И он откупорил еще бутылку пива.
-- Теперь от нас хотят, чтобы мы позволили топтать себя кирасирскими сапогами.
Господин Геппель заявил, что он свободомыслящий и противник Бисмарка. Дидрих соглашался со всем, что он говорил; у него не было о канцлере, о свободе, о молодом императоре никакого мнения. Но вдруг он был неприятно поражен: в комнату вошла молодая девушка, с первого же взгляда испугавшая его своей красотой и изяществом.
-- Моя дочь Агнесса, -- сказал господин Геппель.
Дидрих густо покраснел и встал, чувствуя себя в своем широком, со складками, сюртуке жалким и смешным студентиком. Молодая девушка подала ему руку. Она, видимо, хотела быть с ним любезна, но о чем можно было с ней разговаривать? Дидрих ответил "да", когда она спросила, нравится ли ему Берлин, а когда она спросила, был ли он уже в театре, он ответил "нет". Ему было так не по себе, что лоб его покрылся потом, а он был твердо убежден, что единственное, чем он мог бы заинтересовать молодую девушку, был его уход. Но как уйти? К счастью, в этот момент в комнату вошел широкоплечий господин, которого Дидриху представили в качестве жильца. Он говорил громовым голосом, с мекленбургским акцентом, и, как оказалось, был студентом-технологом. Он напомнил фрейлейн Агнессе, что они условились пойти вместе гулять. Дидриху предложили присоединиться. Он в ужасе сослался на знакомого, который будто бы ждал его на улице, и поспешил уйти. "Слава Богу", думал он, чувствуя в то же время укол в сердце, "у нее уже есть другой".
Господин Геппель открыл ему в темноте входную дверь и спросил, знает ли его друг Берлин. Дидрих солгал, что его друг берлинец.
-- А то, если вы оба не знаете его, вы попадете еще не в тот омнибус. Вам, конечно, уже случилось заблудиться в Берлине?
И когда Дидрих ответил утвердительно, Геппель просиял от удовольствия.
-- Это вам не Нециг. Здесь полдня уходит на беготню. Подумайте только, за то время, что вам нужно, чтобы пройти от вашей Тикштрассе сюда, вы могли бы три раза обежать весь Нециг... Ну, в следующее воскресенье приходите обедать!

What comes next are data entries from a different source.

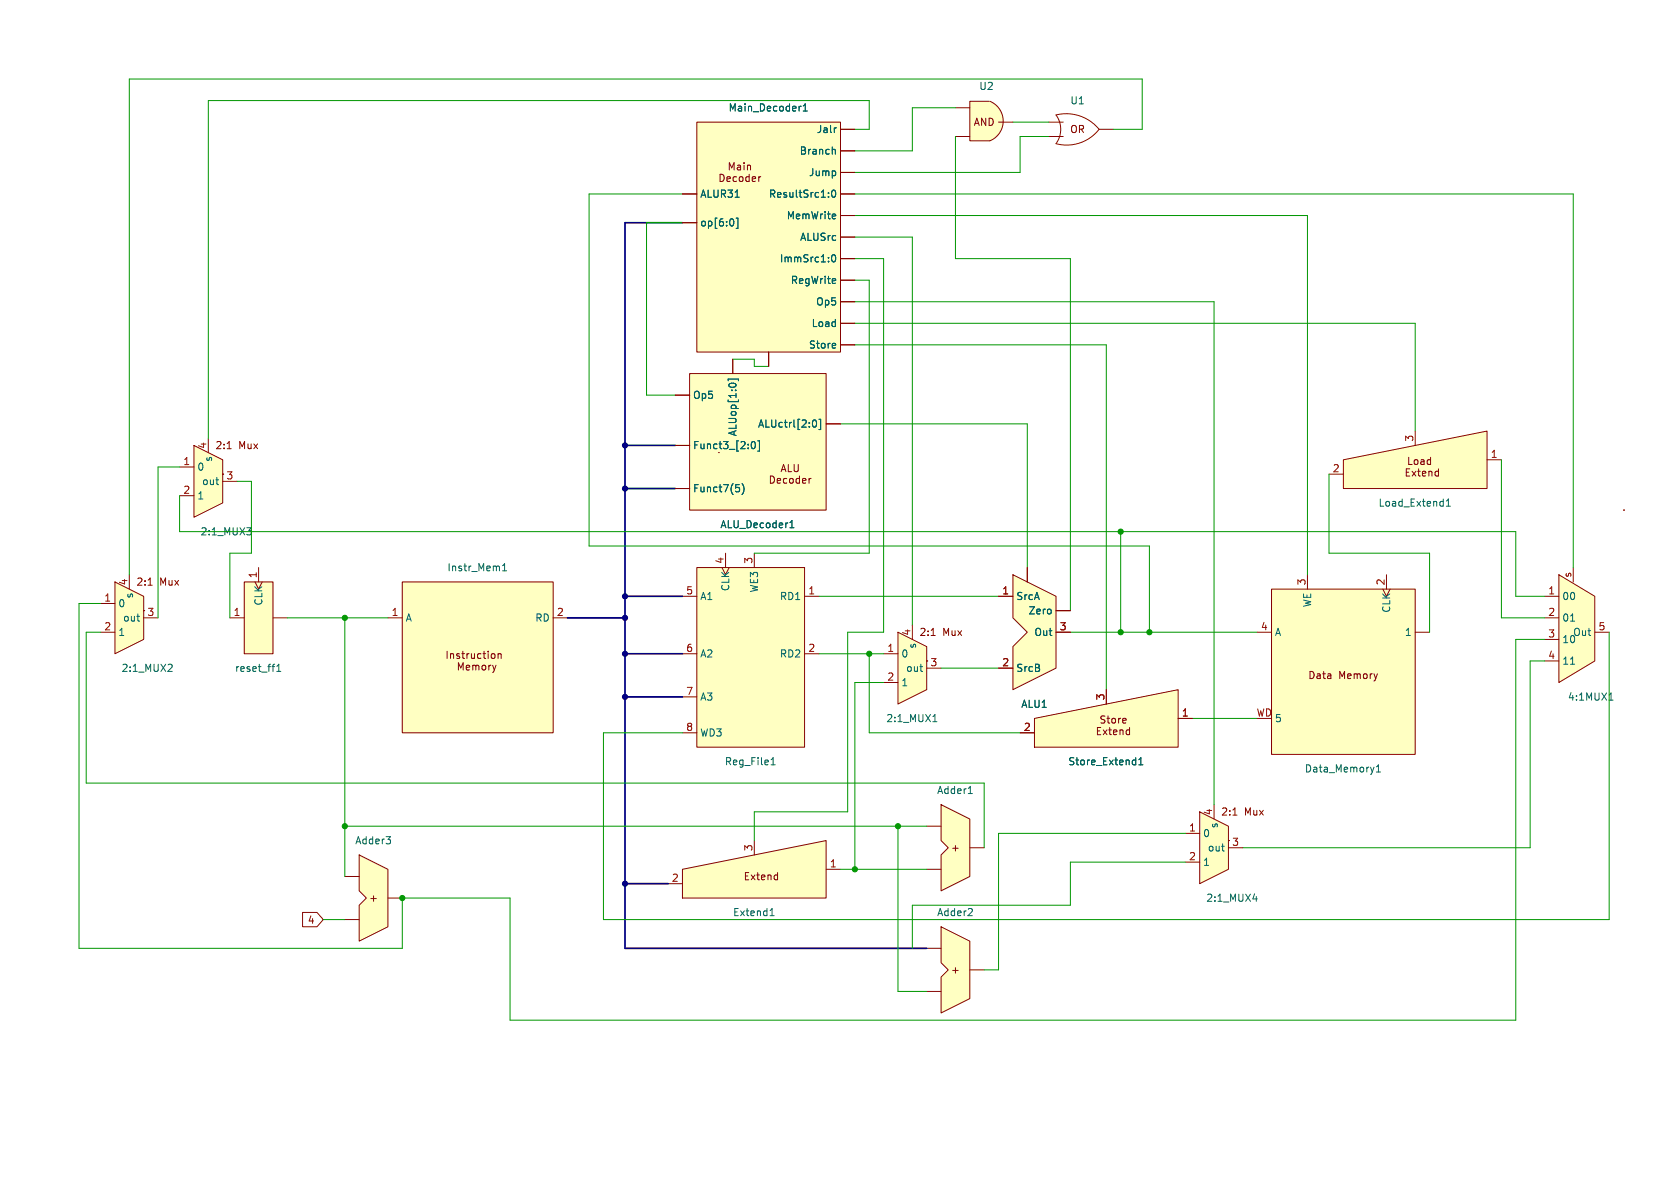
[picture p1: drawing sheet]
<svg xmlns="http://www.w3.org/2000/svg" width="297mm" height="210mm" viewBox="0 0 297 210" stroke-linecap="round" stroke-linejoin="round" font-family="sans-serif">
<path d="M123.2 21.6h25.4v40.6h-25.4z" fill="#ffffc2" stroke="#ffffc2" stroke-width=".18"/>
<g fill="none" stroke="#840000" stroke-width=".18">
<path d="M120.6 34.3h2.6M120.6 39.4h2.6M123.2 21.6h25.4v40.6h-25.4zM127.3 30.8a.64 .64 0 0 1 .7 .6 .64 .64 0 0 1-.7 .7zM128.5 31.7l.6-.2v-.2l-.4-.1-.2 .2 .1 .6h.5M128.9 30v-1.2l.5 .9 .4-.9v1.2M130.2 31.3l-.4-.1-.2 .3 .1 .5h.5M130.4 29.3h.5v.7M130.7 31.4l.2-.2 .4 .2 .1 .4-.2 .2-.3 .1-.2-.1zM130.9 29.5l-.4 .1-.2 .1 .2 .3h.4M131.5 28.8v.1M131.5 29.2v.8"/>
<path d="M132.1 29.3l.2-.1 .3 .1 .1 .7M132.1 29.2v.8M132.4 31.3l-.3-.1-.3 .3 .2 .5h.4M132.4 30.8v1.3M133 31.7l.6-.2-.1-.2-.3-.1-.2 .2v.6h.5M134.1 31.2v.9M134.5 31.2l-.4 .3M148.6 34.3h2.5M148.6 26.7h2.5M148.6 22.9h2.5M148.6 30.5h2.5M148.6 38.1h2.5"/>
<path d="M148.6 41.9h2.5M148.6 45.7h2.5M148.6 57.2h2.5M148.6 53.3h2.5M148.6 49.5h2.5M135.9 62.2v2.6M148.6 61h2.5"/>
</g>
<g fill="none" stroke="#006464" stroke-width=".18">
<path d="M141.6 18.8h-.2M142 19.6h.7M142 18.7l.4-.3v1.2M129.6 38.8l.1 .4-.1 .6M130 34.9h.7M130.1 38.6h.4v1.8h-.4M146.5 34.7v.2M146.5 34.1v.1M147.1 33.7l.2-.1a.68 .68 0 0 1 .5 .6 .68 .68 0 0 1-.5 .7l-.2-.2-.1-.3zM147.3 26.4l.4 .2v.6M147.6 37.8l.1 .3-.6 .2M147.7 38.6l-.1 .1"/>
<path d="M147.7 22.6h.2M147.1 45.2l.2-.2a.68 .68 0 0 1 .5 .7 .68 .68 0 0 1-.5 .6l-.2-.1-.1-.4zM147.6 49.3l.1 .3-.6 .1M147.7 50l-.1 .1M147.7 60.8v.2l-.6 .1"/>
</g>
<path d="M158.7 111.8l5.1 2.5v7.6l-5.1 2.6z" fill="#ffffc2"/>
<g fill="none" stroke="#840000" stroke-width=".18">
<path d="M128.3 97.8v2.5M133.3 97.8v2.5M120.6 115.6h2.6M120.6 105.4h2.6M123.2 100.3h19v31.8h-19zM127.6 100.3l.7 1.3 .6-1.3M142.2 115.6h2.6M142.2 105.4h2.6M156.2 115.6h2.5M158.7 111.8l5.1 2.5v7.6l-5.1 2.6zM161.3 110.5v2.5M163.8 116.8h.1"/>
<path d="M163.8 118.1h2.6M164.6 112.3h.7M222.2 111.8h2.6M224.8 104.1h25.4v29.3h-25.4zM231.1 101.6v2.5M244.5 104.1l.6 1.3 .6-1.3M245.1 101.6v2.5M250.2 111.8h2.5M120.6 123.2h2.6M120.6 129.5h2.6M156.2 120.7h2.5"/>
</g>
<path d="M136.3 135.2h.7M136.3 134.3l.4-.4v1.3M164.9 127.6h.7M165.2 126.5l.1-.2v1.3M243.3 136.5h.8M243.3 135.6l.4-.4v1.3" fill="none" stroke="#006464" stroke-width=".18"/>
<g fill="#ffffc2" stroke="#ffffc2" stroke-width=".18">
<path d="M123.2 100.3h19v31.8h-19z"/>
<path d="M224.8 104.1h25.4v29.3h-25.4z"/>
</g>
<path d="M120.6 153.7l25.4-5.1v10.2h-25.4z" fill="#ffffc2"/>
<path d="M118.1 156.2h2.5M120.6 153.7l25.4-5.1v10.2h-25.4zM133.3 148.6v2.5M137.3 154.7h.2M137.5 154.2v1.3M137.5 155.5h-.2M146 153.7h2.6" fill="none" stroke="#840000" stroke-width=".18"/>
<path d="M136.1 161.9h.8M136.3 160.9l.2-.3v1.3" fill="none" stroke="#006464" stroke-width=".18"/>
<path d="M166.4 163.8l5 2.6v10.1l-5 2.6v-6.4l1.2-1.2-1.2-1.3z" fill="#ffffc2"/>
<path d="M163.8 175.3h2.6M163.8 167.6h2.6M166.4 163.8l5 2.6v10.1l-5 2.6v-6.4l1.2-1.2-1.2-1.3zM171.4 171.5h2.6" fill="none" stroke="#840000" stroke-width=".18"/>
<path d="M171.8 160.7l.1 .1-.1 .3-.7 .8h.8" fill="none" stroke="#006464" stroke-width=".18"/>
<path d="M63.5 151.1l5.1 2.6v10.1l-5.1 2.6v-6.4l1.3-1.2-1.3-1.3z" fill="#ffffc2"/>
<path d="M61 154.9h2.5M63.5 151.1l5.1 2.6v10.1l-5.1 2.6v-6.4l1.3-1.2-1.3-1.3zM68.6 158.8h2.5M61 162.6h2.5" fill="none" stroke="#840000" stroke-width=".18"/>
<path d="M68.2 147.9h.8l-.4 .5M68.9 148.4l.1 .2-.1 .5" fill="none" stroke="#006464" stroke-width=".18"/>
<path d="M166.4 142.2l5 2.6v10.1l-5 2.6v-6.4l1.2-1.2-1.2-1.3z" fill="#ffffc2"/>
<path d="M185.4 24.1h2.6M185.4 21.6h2.6M186.7 20.3a7.5 7.5 0 0 1 7.6 2.6 7.3 7.3 0 0 1-7.6 2.5 4.3 4.3 0 0 0 0-5.1zM194.3 22.9h2.5M163.8 153.7h2.6M163.8 146.1h2.6M166.4 142.2l5 2.6v10.1l-5 2.6v-6.4l1.2-1.2-1.2-1.3zM171.4 149.9h2.6" fill="none" stroke="#840000" stroke-width=".18"/>
<path d="M171.2 140.3h.7" fill="none" stroke="#006464" stroke-width=".18"/>
<path d="M171.4 17.9h3.5l.1 7h-3.6z" fill="#ffffc2"/>
<path d="M175 17.9a3.8 3.8 0 0 1 2.4 3.5 3.8 3.8 0 0 1-2.4 3.5l-1.4-3.5z" fill="#ffffc2" stroke="#ffffc2" stroke-width=".18"/>
<path d="M168.9 19.1h2.5M174.9 17.9h-3.5v7h3.6a3.8 3.8 0 0 0 2.4-3.5 3.8 3.8 0 0 0-2.4-3.5M168.9 24.1h2.5M176.5 21.6h2.6" fill="none" stroke="#840000" stroke-width=".18"/>
<path d="M275.6 101.6l6.3 3.8v11.4l-6.3 3.9z" fill="#ffffc2"/>
<g fill="none" stroke="#840000" stroke-width=".18">
<path d="M287 90.2h.1M40.6 109.2h2.6M43.2 102.9h5.1v12.7h-5.1zM45.1 102.9l.6 1.2 .7-1.2M45.7 100.3v2.6M48.3 109.2h2.5M273 105.4h2.6M273 109.2h2.6M273 113h2.6M273 116.8h2.6M275.6 101.6l6.3 3.8v11.4l-6.3 3.9zM278.1 100.3v2.6"/>
<path d="M281.9 111.8h2.6"/>
</g>
<path d="M48.9 118.7h.8M48.9 117.8l.4-.4v1.3M277.6 109.8h.8M277.6 117.4h.8M284.4 123.8h.8M284.7 122.7l.1-.2v1.3" fill="none" stroke="#006464" stroke-width=".18"/>
<path d="M43.2 102.9h5.1v12.7h-5.1z" fill="#ffffc2" stroke="#ffffc2" stroke-width=".18"/>
<path d="M20.3 102.9l5.1 2.5v7.6l-5.1 2.6z" fill="#ffffc2"/>
<g fill="none" stroke="#840000" stroke-width=".18">
<path d="M17.8 106.7h2.5M17.8 111.8h2.5M20.3 102.9l5.1 2.5v7.6l-5.1 2.6zM22.9 101.6v2.5M25.4 108h.1M25.4 109.2h2.5M26.2 103.4h.7M68.6 109.2h2.5M71.1 102.9h26.7v26.6h-26.7zM79 115.1v1.3M79.6 115.6v.8M79.6 115.7l.2-.1h.3l.1 .8"/>
<path d="M81 117.2v1.2M81.2 115.6h-.4v.3M81.6 115.6h.5M81.8 115.1v1.1M81.9 117.2v1.2M82.4 118.3l.2 .1h.4M82.5 115.6v.8M82.6 117.6l.4 .1v.2l-.6 .1M82.9 115.6l-.4 .2M83.3 115.6l.1 .7 .3 .1 .2-.1M83.6 117.7l.3-.1 .2 .2M83.6 117.6v.8"/>
<path d="M83.9 115.6v.8M84.1 117.8l.2-.2 .3 .1 .1 .7M84.1 117.8v.6M85 115.6h-.3l-.3 .2 .1 .5h.5M85.3 117.7l.2-.1 .3 .1 .1 .5-.1 .2h-.3l-.2-.1zM85.4 115.6h.5M85.6 115.1v1.1l.3 .2M86.3 115.1v.1M86.3 115.6v.8M86.8 116.2v-.4l.3-.2 .3 .1 .1 .5M87.4 118.4l-.3 .5M88.1 115.7l.1-.1h.3l.1 .8"/>
<path d="M88.1 115.6v.8M97.8 109.2h2.5"/>
</g>
<path d="M30.2 117.4l.2 .3v.3l-.7 .7h.7M88.8 100.9h.8M88.8 100l.4-.4v1.3" fill="none" stroke="#006464" stroke-width=".18"/>
<path d="M71.1 102.9h26.7v26.6h-26.7z" fill="#ffffc2" stroke="#ffffc2" stroke-width=".18"/>
<path d="M212.1 143.5l5.1 2.6v7.6l-5.1 2.5z" fill="#ffffc2"/>
<path d="M209.5 147.3h2.6M209.5 152.4h2.6M212.1 143.5l5.1 2.6v7.6l-5.1 2.5zM214.6 142.2v2.6M217.2 148.6h.1M217.2 149.9h2.5M218 144.1h.7" fill="none" stroke="#840000" stroke-width=".18"/>
<path d="M221.5 158.9h.8M222.1 158.5v.8" fill="none" stroke="#006464" stroke-width=".18"/>
<path d="M34.3 78.7l5.1 2.6v7.6l-5.1 2.5z" fill="#ffffc2"/>
<path d="M34.3 78.7l5.1 2.6v7.6l-5.1 2.5zM36.8 77.5v2.5M40.2 79.3h.7M31.7 82.6h2.6M31.7 87.6h2.6M39.4 83.8h.1M39.4 85.1h2.5" fill="none" stroke="#840000" stroke-width=".18"/>
<path d="M43.6 93.3h.8l-.4 .5M44.2 93.8l.2 .2v.3l-.2 .3" fill="none" stroke="#006464" stroke-width=".18"/>
<path d="M182.9 127l25.4-5.1v10.2h-25.4z" fill="#ffffc2"/>
<g fill="none" stroke="#840000" stroke-width=".18">
<path d="M119.4 78.7h2.5M119.4 69.9h2.5M121.9 66h24.1v24.2h-24.1zM129.5 63.5v2.5M146 74.9h2.6M119.4 86.4h2.5M136.2 84.2a.64 .64 0 0 1 .7 .6 .64 .64 0 0 1-.7 .6zM137.4 85l.6-.1-.1-.3h-.3l-.2 .2 .1 .6h.4M138.1 83.4l.4-1.3 .4 1.3M138.2 83h.6M139.1 84.6h-.4l-.2 .2 .1 .6h.5M139.4 82.1v1.3h.6"/>
<path d="M139.6 84.7l.2-.1 .4 .1v.5l-.1 .2h-.3l-.2-.1zM140.4 82.1v1l.2 .3 .4-.1 .1-.2v-1M141.3 84.6h-.3l-.3 .2 .1 .6h.5M141.3 84.2v1.2M141.9 85l.6-.1-.1-.3h-.3l-.2 .2v.6h.5M143 84.6v.8M143.4 84.6l-.4 .2M180.3 129.5h2.6M182.9 127l25.4-5.1v10.2h-25.4zM194 129.2h.4M194.6 128.6h-.6v1.3h.6M195 129l.7 .9"/>
<path d="M195.3 126.6h-.4l-.2 .1v.3l.5 .3 .1 .3-.2 .2h-.5M195.6 121.9v2.6M195.7 127h.5M195.7 129l-.7 .9M195.9 126.6v1l.3 .2M196 129h.5M196.2 128.6v1.1l.3 .2M196.7 127h.3l.2 .2v.4l-.2 .2h-.3l-.2-.2zM196.8 129.4l.7-.1-.1-.2-.4-.1-.2 .2 .1 .6h.5M197.8 127v.8M198 129.1l.2-.1 .3 .1v.8M198 129v.9"/>
<path d="M198.1 127l-.3 .2M198.5 127.4l.6-.1-.1-.3h-.3l-.2 .2v.6h.5M199.7 129.1l-.4-.1-.2 .3 .1 .5h.5M199.7 128.6v1.3M208.3 127h2.5"/>
</g>
<g fill="none" stroke="#006464" stroke-width=".18">
<path d="M128.7 67.3v-.3h1.8v.3M129 67.9l.3-.2 .7 .2M132.9 78.2l.2-.2a.68 .68 0 0 1 .5 .7 .68 .68 0 0 1-.5 .6l-.2-.1-.1-.4zM134 77.9h.3v1.8h-.3M143.6 74.7l.1-.3 .2-.2a.68 .68 0 0 1 .5 .7 .68 .68 0 0 1-.5 .6l-.2-.1-.1-.4M144.8 74.1h.3v1.8h-.3M130.1 85.7h.6M130.2 86.2h.3l.3 .2-.2 .5h-.4M131.2 85.5a1.46 1.46 0 0 1 0 1.9M139.6 93.3h.8M139.6 92.4l.4-.4v1.3M200.7 134.4h.1"/>
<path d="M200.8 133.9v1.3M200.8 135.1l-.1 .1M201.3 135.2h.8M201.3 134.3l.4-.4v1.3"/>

Дитрих обещал. Когда воскресение наступило, ему очень хотелось написать, что он не может прийти; он пошел только из страха перед отцом. На этот раз ему пришлось остаться с барышней наедине! Дидрих сделал вид, что поглощен своими мыслями и не расположен заниматься ею. Она хотела опять заговорить о театре, но он грубо отрезал, что у него для такого вздора нет времени. Ах, да, папа говорил ей, что господин Гесслинг изучает химию?
-- Да. Это вообще единственная наука, имеющая право на существование, -- заявил Дидрих, сам не зная, откуда это у него взялось.
Фрейлейн Геппель уронила сумочку; он нагнулся так неторопливо, что она успела поднять ее прежде, чем он протянул руку. Тем не менее она мягко, почти сконфуженно поблагодарила его. Это еще больше разозлило Дидриха. "Что за кокетка!" -- подумал он.
Она порылась в сумочке.
-- Ах, я потеряла свой пластырь. Опять идет кровь.
Она высвободила палец из платка, которым он был обернут. Кожа была бела, как снег, и Дидриху пришло в голову, что кровь, лежавшая на ней, должна просачиваться внутрь.
-- У меня есть пластырь, -- вдруг, в каком-то порыве, сказал он.
Он схватил ее палец и прежде, чем она могла вытереть кровь, слизал ее.
-- Что вы делаете?
Он сам испугался. Он нахмурился и сурово сказал:
-- О, как химику, мне приходится пробовать еще и не такие вещи.
Она улыбнулась.
-- Ах, да, вы в роде доктора... Как хорошо вы умеете это делать, -- заметила она, глядя, как он наклеивает пластырь.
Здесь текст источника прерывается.